+++ Source records

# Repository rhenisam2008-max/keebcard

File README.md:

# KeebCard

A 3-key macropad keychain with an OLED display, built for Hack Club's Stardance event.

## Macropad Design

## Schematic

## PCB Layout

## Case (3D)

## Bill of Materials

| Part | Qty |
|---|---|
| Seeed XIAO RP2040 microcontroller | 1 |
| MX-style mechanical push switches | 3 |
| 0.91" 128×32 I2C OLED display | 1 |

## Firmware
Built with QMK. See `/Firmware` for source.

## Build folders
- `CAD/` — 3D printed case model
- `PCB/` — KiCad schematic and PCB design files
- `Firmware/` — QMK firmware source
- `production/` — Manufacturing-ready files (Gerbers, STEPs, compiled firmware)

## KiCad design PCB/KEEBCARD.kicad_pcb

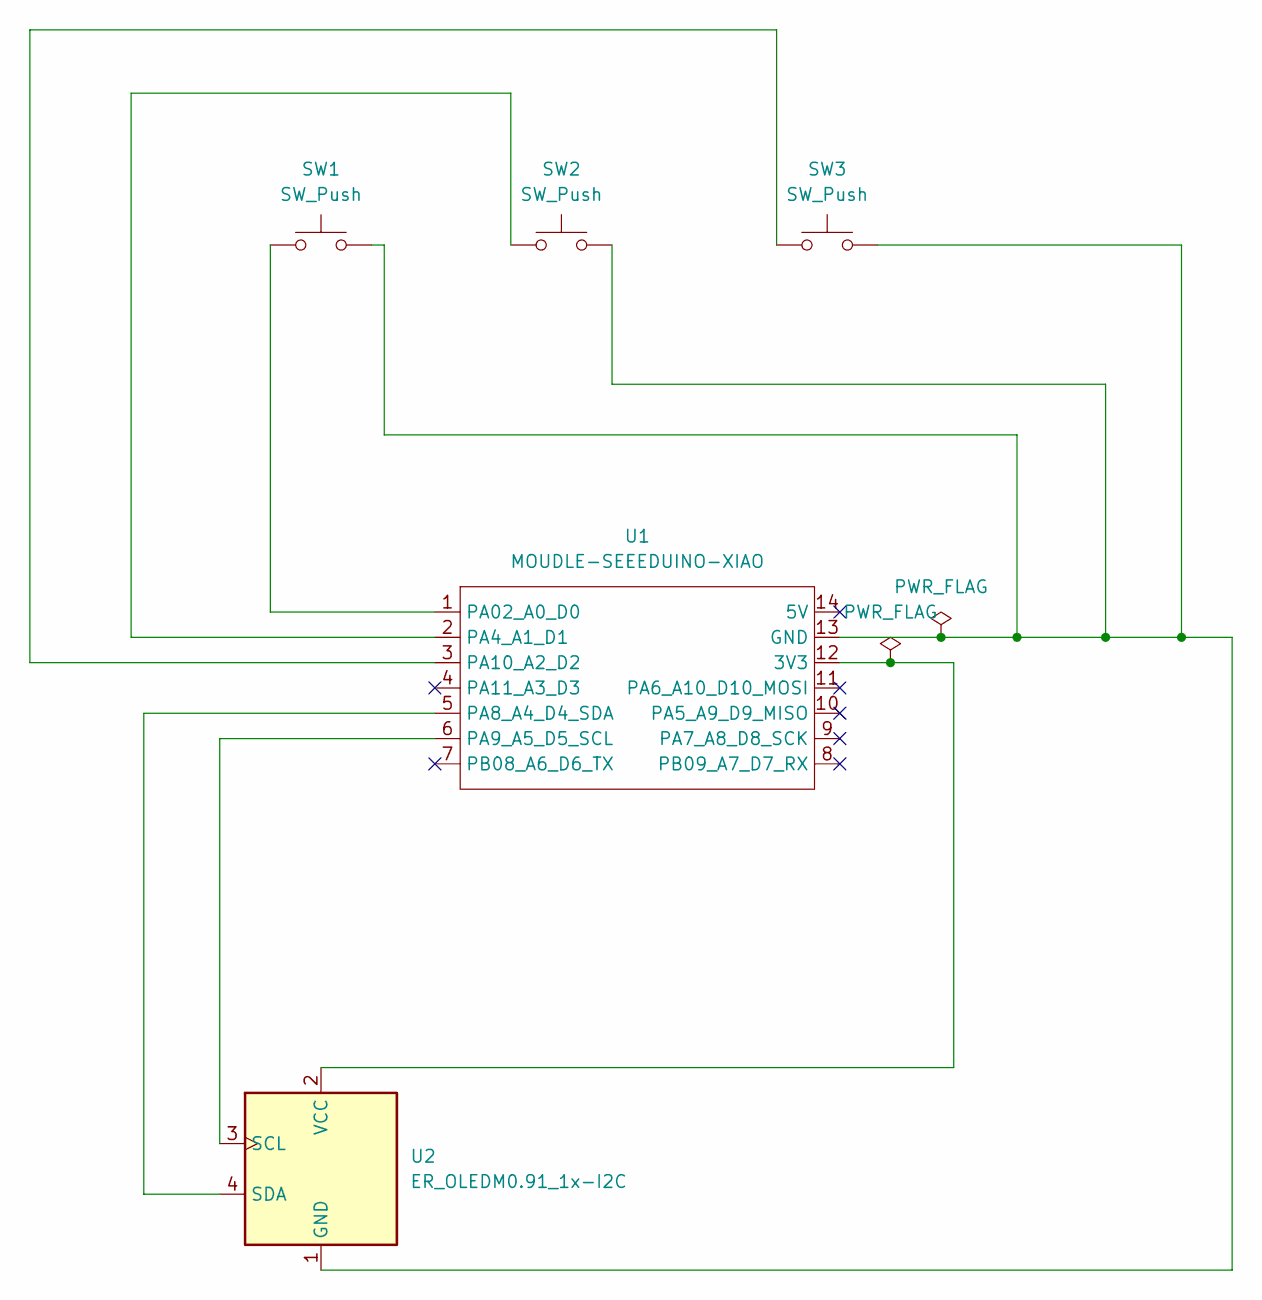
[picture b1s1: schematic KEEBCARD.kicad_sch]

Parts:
SW1, SW2, SW3: SW_Push; SW_Cherry_MX_1.00u_PCB
U1: MOUDLE-SEEEDUINO-XIAO; XIAO-Generic-Hybrid-14P-2.54-21X17.8MM
U2: ER_OLEDM0.91_1x-I2C

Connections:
unnamed: U1.12 (3V3), U2.2 (VCC)
unnamed: SW1.2, SW2.2, SW3.2, U1.13 (GND), U2.1 (GND)
unnamed: SW1.1, U1.1 (PA02_A0_D0)
unnamed: SW2.1, U1.2 (PA4_A1_D1)
unnamed: U1.5 (PA8_A4_D4_SDA), U2.4 (SDA)
unnamed: U1.6 (PA9_A5_D5_SCL), U2.3 (SCL)
unnamed: SW3.1, U1.3 (PA10_A2_D2)

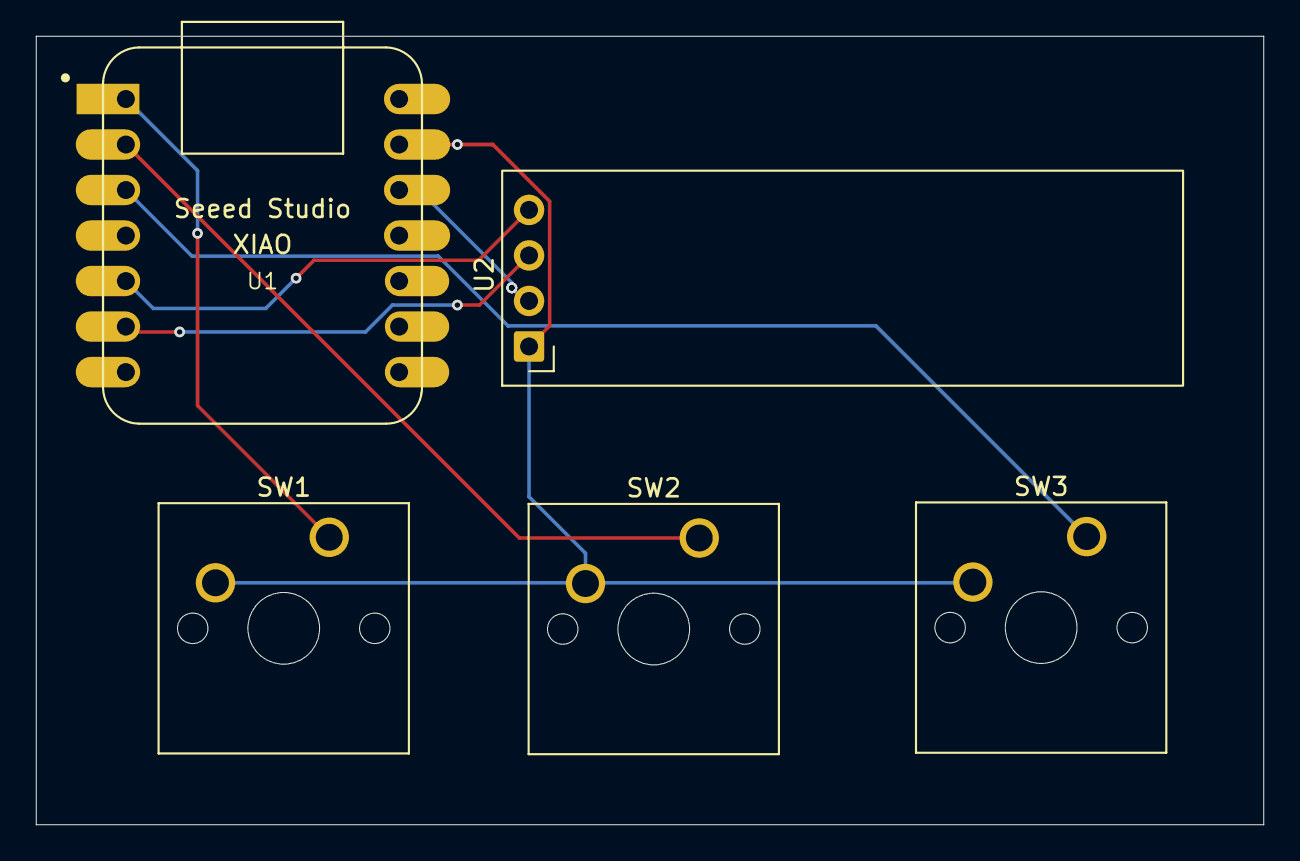
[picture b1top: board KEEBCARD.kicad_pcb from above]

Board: 2 copper layers, 68.5 x 44.0 mm, 5 parts (0 on the bottom side), 7 nets.

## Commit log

2026-06-26 Enhance README with project details and images
    Added detailed project description, images, and build folders.
2026-06-26 Fix image paths in README.md
    Updated image paths in the README to correct files.
2026-06-26 Fix image paths in README.md
    Updated image paths in README to include IMAGES directory.

++++++

Task goal: Copy all records exactly, no images.

Result for this task:
# Repository rhenisam2008-max/keebcard

File README.md:

# KeebCard

A 3-key macropad keychain with an OLED display, built for Hack Club's Stardance event.

## Macropad Design

## Schematic

## PCB Layout

## Case (3D)

## Bill of Materials

| Part | Qty |
|---|---|
| Seeed XIAO RP2040 microcontroller | 1 |
| MX-style mechanical push switches | 3 |
| 0.91" 128×32 I2C OLED display | 1 |

## Firmware
Built with QMK. See `/Firmware` for source.

## Build folders
- `CAD/` — 3D printed case model
- `PCB/` — KiCad schematic and PCB design files
- `Firmware/` — QMK firmware source
- `production/` — Manufacturing-ready files (Gerbers, STEPs, compiled firmware)

## KiCad design PCB/KEEBCARD.kicad_pcb

[picture b1s1: schematic KEEBCARD.kicad_sch]

Parts:
SW1, SW2, SW3: SW_Push; SW_Cherry_MX_1.00u_PCB
U1: MOUDLE-SEEEDUINO-XIAO; XIAO-Generic-Hybrid-14P-2.54-21X17.8MM
U2: ER_OLEDM0.91_1x-I2C

Connections:
unnamed: U1.12 (3V3), U2.2 (VCC)
unnamed: SW1.2, SW2.2, SW3.2, U1.13 (GND), U2.1 (GND)
unnamed: SW1.1, U1.1 (PA02_A0_D0)
unnamed: SW2.1, U1.2 (PA4_A1_D1)
unnamed: U1.5 (PA8_A4_D4_SDA), U2.4 (SDA)
unnamed: U1.6 (PA9_A5_D5_SCL), U2.3 (SCL)
unnamed: SW3.1, U1.3 (PA10_A2_D2)

[picture b1top: board KEEBCARD.kicad_pcb from above]

Board: 2 copper layers, 68.5 x 44.0 mm, 5 parts (0 on the bottom side), 7 nets.

## Commit log

2026-06-26 Enhance README with project details and images
    Added detailed project description, images, and build folders.
2026-06-26 Fix image paths in README.md
    Updated image paths in the README to correct files.
2026-06-26 Fix image paths in README.md
    Updated image paths in README to include IMAGES directory.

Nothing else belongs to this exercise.